Elif Merve KURT TUNAGUR
Sakarya Tıp Dergisi - 2026;16(1):8-18
Objective: Cannabis use disorder (CUD) is increasingly prevalent and often co-occurs with psychiatric and legal complications. While cross-sectional associations between CUD and mental illness are well-documented, longitudinal data on the clinical and forensic trajectories of affected individuals remain limited, particularly in real-world settings. Methods: This naturalistic follow-up study tracked 51 male patients diagnosed with CUD over a five-year period. Data were collected via structured telephone interviews and hospital records, assessing substance use patterns, psychiatric diagnoses, Alcohol and Substance Addiction Treatment Center (AMATEM) admissions, and legal outcomes. Psychiatric comorbidities were evaluated using medical records, and substance use severity was assessed using the Addiction Profile Index (API).
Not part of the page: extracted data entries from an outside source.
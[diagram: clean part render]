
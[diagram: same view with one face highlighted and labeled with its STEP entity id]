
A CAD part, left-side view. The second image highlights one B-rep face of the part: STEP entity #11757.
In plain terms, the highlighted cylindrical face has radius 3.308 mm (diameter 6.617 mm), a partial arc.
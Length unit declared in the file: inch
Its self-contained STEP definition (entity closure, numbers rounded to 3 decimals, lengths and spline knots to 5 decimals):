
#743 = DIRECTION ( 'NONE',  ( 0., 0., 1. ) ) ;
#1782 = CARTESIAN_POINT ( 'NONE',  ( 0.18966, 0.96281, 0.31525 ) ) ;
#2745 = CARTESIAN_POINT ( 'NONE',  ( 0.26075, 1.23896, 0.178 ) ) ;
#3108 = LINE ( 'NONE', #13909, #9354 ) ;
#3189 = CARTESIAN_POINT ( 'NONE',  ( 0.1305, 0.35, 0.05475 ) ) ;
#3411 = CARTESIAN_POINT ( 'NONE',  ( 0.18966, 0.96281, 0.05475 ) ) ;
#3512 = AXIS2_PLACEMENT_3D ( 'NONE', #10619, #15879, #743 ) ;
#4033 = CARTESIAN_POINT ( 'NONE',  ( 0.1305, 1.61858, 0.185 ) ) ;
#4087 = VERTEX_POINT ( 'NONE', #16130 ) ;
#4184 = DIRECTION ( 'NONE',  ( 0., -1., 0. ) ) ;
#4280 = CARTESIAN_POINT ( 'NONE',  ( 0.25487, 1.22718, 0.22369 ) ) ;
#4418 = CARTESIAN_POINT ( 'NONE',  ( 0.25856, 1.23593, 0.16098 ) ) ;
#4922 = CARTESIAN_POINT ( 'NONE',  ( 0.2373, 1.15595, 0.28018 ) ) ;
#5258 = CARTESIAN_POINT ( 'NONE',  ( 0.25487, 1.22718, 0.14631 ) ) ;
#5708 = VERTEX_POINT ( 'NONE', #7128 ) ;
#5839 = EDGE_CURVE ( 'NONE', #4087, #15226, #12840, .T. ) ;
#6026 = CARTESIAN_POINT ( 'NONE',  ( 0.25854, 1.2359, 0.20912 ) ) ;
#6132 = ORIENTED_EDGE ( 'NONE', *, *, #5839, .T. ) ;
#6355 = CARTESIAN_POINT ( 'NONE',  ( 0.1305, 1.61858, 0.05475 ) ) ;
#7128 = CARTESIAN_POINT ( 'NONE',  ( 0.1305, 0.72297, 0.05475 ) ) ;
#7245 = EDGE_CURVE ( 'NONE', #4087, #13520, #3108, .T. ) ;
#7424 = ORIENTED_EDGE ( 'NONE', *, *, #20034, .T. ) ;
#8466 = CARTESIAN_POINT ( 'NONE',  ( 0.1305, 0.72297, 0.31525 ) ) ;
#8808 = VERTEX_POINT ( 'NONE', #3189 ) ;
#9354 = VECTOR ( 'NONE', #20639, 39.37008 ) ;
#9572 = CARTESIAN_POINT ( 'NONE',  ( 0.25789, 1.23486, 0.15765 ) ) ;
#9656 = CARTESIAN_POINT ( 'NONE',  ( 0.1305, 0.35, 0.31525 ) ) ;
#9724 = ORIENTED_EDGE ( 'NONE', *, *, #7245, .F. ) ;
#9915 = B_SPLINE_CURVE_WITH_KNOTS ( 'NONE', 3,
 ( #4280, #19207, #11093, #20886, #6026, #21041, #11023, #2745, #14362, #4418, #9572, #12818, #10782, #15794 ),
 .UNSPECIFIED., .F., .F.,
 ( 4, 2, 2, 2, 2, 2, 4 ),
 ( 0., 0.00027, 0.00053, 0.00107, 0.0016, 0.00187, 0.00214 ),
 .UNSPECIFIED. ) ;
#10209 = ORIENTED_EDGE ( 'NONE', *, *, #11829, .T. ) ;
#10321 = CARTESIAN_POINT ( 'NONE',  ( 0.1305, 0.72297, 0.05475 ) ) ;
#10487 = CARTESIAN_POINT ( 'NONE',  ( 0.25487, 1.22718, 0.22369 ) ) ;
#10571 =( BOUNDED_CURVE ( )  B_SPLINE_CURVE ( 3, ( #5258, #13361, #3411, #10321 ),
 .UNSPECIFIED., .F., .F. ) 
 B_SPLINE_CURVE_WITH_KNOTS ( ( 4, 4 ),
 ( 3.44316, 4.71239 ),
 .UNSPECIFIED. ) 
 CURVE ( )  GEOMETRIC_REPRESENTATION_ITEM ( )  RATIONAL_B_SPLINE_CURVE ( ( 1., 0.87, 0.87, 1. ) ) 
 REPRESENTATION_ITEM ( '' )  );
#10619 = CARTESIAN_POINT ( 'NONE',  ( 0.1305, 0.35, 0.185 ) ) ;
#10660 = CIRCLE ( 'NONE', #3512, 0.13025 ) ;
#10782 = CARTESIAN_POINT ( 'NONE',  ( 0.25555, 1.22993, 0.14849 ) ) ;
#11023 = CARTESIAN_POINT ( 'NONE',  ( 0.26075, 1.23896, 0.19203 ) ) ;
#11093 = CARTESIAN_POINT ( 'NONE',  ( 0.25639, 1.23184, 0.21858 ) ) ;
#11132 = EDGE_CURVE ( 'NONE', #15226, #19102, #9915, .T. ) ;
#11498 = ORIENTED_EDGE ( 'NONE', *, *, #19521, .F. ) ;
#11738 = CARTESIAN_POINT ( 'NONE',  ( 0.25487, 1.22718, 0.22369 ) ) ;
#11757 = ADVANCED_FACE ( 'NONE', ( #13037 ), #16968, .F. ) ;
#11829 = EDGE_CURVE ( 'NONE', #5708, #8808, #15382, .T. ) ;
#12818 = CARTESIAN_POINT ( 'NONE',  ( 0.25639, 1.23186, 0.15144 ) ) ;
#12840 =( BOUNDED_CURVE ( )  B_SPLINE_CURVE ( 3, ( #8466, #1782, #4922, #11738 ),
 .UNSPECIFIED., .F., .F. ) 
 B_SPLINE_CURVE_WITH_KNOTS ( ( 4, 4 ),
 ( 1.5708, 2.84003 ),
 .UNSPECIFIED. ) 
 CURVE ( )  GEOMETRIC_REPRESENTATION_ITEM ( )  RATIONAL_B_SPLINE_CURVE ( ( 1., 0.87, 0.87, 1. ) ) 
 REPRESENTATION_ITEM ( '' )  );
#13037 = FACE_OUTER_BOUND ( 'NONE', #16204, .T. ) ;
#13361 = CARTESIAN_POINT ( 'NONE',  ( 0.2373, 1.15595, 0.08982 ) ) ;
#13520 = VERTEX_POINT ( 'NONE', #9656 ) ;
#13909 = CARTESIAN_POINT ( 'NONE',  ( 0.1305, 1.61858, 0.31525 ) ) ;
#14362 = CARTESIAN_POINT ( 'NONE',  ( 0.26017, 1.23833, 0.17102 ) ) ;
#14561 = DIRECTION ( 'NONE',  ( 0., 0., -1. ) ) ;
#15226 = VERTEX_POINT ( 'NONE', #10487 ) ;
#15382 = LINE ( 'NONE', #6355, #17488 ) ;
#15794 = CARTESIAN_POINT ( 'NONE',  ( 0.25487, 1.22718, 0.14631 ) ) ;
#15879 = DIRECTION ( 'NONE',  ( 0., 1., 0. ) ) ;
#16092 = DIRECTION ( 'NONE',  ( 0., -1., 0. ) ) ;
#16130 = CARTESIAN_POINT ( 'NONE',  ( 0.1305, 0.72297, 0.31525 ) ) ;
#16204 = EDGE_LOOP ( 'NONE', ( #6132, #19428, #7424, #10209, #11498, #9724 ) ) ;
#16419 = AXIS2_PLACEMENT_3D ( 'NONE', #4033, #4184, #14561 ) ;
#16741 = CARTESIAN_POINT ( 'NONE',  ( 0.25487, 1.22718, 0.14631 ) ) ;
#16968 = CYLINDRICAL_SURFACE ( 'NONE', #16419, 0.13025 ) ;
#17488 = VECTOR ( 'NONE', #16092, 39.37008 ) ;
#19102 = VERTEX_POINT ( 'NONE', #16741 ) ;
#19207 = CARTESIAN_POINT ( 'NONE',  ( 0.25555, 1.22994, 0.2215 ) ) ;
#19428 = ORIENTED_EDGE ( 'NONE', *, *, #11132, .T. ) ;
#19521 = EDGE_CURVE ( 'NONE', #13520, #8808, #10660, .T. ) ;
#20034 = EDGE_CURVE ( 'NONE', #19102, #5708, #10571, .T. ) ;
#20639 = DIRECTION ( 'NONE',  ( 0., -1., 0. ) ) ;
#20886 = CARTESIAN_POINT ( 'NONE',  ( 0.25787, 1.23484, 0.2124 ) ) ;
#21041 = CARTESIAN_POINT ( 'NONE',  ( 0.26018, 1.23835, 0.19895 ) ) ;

Results: Over five years, 82.4% of participants continued substance use, with synthetic cannabinoids being the most frequently used substance (76.5%). More than half (64.7%) developed a psychiatric diagnosis, most commonly depression and anxiety. Synthetic cannabinoid use was significantly different in individuals with psychiatric comorbidity (p = .033). AMATEM admissions declined over time but remained higher in patients with psychiatric diagnoses (Year x Diagnosis interaction: F = 2.600, p = .037). Nearly half experienced judicial psychiatric evaluations, and 23.5% had a history of incarceration. Conclusions: CUD is associated with persistent substance use, high rates of psychiatric comorbidity, and substantial legal-system involvement. Synthetic cannabinoids appear to exacerbate psychiatric outcomes. Long-term, integrated interventions are needed to address dual-diagnosis and reduce forensic burden.